Petey's 100% right. This should not be a concern, nor is it a code violation. GFCI protecting those receptacles on the other side of the wall won't accomplish anything. If you're concerned about dripping/leaking in the future, use some sheet metal or wood to create a barrier between the two systems (if it makes you feel better). 
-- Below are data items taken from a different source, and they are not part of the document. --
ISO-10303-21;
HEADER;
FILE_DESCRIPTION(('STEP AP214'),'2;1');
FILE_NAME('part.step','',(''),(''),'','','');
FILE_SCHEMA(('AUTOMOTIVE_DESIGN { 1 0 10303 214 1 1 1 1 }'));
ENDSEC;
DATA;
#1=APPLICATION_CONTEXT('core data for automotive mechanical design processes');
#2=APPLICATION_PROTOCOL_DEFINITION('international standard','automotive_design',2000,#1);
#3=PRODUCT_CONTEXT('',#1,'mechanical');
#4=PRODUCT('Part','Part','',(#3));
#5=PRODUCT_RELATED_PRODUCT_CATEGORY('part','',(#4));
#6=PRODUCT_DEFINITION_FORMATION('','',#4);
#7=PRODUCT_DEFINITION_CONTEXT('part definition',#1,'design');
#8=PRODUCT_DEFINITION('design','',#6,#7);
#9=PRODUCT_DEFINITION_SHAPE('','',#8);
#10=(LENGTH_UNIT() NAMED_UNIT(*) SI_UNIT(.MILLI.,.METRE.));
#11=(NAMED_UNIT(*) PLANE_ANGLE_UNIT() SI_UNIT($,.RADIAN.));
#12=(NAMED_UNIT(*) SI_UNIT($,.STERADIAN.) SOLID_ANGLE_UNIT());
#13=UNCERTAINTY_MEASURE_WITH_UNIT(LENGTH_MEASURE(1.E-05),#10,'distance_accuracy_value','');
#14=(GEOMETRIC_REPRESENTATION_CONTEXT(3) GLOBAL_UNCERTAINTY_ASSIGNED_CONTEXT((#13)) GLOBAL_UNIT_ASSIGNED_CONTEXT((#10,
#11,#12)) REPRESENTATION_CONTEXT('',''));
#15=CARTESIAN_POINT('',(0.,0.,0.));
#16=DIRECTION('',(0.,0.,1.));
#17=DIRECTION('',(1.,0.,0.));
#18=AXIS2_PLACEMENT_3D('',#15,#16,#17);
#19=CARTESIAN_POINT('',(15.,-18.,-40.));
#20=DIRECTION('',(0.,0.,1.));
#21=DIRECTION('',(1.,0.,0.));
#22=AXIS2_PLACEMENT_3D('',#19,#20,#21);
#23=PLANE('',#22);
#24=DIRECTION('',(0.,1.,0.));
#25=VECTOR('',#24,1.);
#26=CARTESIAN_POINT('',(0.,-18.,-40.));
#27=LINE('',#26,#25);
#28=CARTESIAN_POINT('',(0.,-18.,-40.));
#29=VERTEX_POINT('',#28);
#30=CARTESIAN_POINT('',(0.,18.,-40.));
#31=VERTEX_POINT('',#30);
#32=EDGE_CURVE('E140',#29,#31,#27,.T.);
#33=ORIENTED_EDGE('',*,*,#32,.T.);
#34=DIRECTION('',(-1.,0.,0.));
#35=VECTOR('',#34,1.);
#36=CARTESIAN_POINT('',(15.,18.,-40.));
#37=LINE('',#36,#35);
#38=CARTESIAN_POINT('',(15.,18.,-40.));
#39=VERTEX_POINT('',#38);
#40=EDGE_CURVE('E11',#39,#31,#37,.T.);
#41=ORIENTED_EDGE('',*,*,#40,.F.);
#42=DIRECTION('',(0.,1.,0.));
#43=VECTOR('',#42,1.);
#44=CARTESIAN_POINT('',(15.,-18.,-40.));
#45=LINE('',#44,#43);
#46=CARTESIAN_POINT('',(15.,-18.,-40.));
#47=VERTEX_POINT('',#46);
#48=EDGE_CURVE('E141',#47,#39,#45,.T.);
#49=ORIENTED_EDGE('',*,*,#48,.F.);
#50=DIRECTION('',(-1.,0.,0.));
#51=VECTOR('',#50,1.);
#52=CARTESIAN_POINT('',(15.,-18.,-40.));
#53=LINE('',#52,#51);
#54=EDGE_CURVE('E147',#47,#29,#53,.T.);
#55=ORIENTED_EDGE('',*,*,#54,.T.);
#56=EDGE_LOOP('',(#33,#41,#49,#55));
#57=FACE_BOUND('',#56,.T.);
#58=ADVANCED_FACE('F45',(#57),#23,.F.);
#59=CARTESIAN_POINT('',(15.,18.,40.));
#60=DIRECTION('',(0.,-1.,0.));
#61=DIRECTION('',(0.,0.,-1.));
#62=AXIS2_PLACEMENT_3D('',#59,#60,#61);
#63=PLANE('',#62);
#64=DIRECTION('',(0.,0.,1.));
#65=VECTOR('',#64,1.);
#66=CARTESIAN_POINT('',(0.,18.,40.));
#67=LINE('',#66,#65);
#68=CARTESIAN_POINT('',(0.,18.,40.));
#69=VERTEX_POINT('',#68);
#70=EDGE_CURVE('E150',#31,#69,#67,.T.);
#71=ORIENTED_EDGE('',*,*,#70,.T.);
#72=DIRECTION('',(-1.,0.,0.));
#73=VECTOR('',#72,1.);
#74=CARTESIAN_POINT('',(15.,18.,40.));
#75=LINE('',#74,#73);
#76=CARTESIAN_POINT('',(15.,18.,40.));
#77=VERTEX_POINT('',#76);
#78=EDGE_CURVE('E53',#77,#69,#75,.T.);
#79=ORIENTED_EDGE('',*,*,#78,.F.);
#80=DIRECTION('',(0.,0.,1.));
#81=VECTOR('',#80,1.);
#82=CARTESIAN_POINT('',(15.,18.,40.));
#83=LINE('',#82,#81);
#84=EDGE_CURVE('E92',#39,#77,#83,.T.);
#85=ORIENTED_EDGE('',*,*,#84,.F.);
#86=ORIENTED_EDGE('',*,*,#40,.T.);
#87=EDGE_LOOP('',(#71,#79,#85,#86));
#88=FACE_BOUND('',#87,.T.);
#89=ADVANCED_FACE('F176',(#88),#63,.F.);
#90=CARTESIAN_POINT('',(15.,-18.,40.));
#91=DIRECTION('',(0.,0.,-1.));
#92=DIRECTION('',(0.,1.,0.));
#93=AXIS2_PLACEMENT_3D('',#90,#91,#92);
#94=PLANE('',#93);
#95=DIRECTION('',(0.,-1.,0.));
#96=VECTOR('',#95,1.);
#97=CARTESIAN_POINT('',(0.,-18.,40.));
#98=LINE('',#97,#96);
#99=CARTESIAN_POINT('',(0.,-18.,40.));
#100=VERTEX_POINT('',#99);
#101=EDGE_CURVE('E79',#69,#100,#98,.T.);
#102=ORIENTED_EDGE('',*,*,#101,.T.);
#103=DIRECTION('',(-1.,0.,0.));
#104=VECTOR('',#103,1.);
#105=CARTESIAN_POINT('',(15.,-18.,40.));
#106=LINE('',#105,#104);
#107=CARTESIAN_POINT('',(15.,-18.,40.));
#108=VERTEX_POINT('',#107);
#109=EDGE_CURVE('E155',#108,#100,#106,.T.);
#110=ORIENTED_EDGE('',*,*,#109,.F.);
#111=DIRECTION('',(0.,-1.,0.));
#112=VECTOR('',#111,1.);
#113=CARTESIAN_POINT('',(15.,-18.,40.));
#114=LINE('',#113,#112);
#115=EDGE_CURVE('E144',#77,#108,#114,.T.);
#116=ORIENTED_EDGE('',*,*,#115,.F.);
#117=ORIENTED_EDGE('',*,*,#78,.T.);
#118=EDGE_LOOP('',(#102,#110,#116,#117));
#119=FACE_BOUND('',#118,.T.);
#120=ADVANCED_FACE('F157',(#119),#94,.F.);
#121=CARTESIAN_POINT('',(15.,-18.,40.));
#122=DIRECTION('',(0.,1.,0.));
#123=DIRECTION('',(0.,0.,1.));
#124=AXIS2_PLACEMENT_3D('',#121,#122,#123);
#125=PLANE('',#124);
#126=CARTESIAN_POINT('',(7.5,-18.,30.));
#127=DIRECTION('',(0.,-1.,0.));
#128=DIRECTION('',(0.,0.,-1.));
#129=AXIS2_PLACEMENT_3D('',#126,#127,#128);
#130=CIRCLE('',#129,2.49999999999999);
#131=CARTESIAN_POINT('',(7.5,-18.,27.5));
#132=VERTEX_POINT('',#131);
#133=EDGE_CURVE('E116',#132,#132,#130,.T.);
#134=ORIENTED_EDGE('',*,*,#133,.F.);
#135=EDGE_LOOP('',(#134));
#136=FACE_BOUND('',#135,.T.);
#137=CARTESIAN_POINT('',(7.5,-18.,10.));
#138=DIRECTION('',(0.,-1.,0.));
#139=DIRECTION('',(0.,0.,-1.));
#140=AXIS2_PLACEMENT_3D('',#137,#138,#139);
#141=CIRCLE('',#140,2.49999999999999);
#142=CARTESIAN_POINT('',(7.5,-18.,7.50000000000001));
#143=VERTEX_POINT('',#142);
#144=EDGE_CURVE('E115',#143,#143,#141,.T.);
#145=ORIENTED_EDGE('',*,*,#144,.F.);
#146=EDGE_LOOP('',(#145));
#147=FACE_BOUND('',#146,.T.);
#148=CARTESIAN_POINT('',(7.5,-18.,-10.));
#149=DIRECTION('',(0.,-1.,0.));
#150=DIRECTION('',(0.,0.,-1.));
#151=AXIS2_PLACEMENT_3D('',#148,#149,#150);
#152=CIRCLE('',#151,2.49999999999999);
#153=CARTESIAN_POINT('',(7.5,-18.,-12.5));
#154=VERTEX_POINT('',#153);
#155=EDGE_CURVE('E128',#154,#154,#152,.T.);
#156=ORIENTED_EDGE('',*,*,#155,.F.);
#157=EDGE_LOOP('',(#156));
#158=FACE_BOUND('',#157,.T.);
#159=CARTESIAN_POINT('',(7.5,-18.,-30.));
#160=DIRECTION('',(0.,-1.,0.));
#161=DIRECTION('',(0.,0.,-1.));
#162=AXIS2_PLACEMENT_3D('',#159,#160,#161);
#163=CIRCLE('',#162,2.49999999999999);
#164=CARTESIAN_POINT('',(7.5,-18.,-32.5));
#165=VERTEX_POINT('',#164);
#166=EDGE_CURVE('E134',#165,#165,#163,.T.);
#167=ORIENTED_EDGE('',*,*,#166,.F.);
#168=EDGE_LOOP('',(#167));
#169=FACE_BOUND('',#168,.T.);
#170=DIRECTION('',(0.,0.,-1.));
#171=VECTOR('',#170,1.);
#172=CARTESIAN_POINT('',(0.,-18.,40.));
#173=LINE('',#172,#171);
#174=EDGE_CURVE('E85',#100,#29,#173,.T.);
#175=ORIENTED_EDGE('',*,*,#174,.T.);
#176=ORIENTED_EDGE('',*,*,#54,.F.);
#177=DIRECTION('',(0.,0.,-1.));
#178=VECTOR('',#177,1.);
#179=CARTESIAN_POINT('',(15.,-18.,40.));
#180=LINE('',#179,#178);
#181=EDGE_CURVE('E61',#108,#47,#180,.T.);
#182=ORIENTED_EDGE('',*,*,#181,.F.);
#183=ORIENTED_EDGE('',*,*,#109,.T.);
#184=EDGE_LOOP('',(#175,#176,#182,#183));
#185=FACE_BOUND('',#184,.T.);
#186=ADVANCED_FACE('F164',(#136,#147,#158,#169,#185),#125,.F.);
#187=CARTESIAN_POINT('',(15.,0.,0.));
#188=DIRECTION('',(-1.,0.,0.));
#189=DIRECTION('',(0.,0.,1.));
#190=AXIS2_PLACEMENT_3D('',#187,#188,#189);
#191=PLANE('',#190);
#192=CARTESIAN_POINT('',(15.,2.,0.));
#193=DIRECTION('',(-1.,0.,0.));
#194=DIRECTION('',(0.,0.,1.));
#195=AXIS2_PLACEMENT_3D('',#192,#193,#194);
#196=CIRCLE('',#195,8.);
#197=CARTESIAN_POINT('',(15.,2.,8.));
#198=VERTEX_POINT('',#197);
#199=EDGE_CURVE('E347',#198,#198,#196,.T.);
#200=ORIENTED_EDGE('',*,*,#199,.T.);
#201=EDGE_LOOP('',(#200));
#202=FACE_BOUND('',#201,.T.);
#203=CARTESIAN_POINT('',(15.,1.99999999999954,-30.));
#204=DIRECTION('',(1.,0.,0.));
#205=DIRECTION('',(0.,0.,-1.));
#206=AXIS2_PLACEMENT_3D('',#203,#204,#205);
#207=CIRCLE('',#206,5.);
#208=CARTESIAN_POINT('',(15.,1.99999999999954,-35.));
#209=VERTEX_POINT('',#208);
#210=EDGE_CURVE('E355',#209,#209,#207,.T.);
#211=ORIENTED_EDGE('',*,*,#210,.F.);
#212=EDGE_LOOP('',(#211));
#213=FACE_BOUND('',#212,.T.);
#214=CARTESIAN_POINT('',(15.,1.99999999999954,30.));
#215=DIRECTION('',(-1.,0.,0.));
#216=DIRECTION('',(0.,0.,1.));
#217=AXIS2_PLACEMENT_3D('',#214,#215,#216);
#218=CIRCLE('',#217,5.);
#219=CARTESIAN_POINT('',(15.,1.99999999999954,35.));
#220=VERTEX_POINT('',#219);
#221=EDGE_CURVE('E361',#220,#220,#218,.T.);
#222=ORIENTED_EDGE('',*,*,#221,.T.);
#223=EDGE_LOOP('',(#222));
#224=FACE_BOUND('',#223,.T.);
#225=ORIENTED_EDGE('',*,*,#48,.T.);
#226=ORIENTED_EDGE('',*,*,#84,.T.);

I would not have any concerns about this setup. :no:


----------



## timcurtin (Dec 6, 2010)

Thanks for the validation. I showed my wife your responses and she feels much better now and I even think she feels a little bad she doubted me.

Tim


----------



## jbfan (Jul 1, 2004)

timcurtin said:


> Thanks for the validation. I showed my wife your responses and she feels much better now and I even think she feels a little bad she doubted me.
> 
> Tim


Is she going to let you live it down that you told the whole world she didn't beleive you???:whistling2:


----------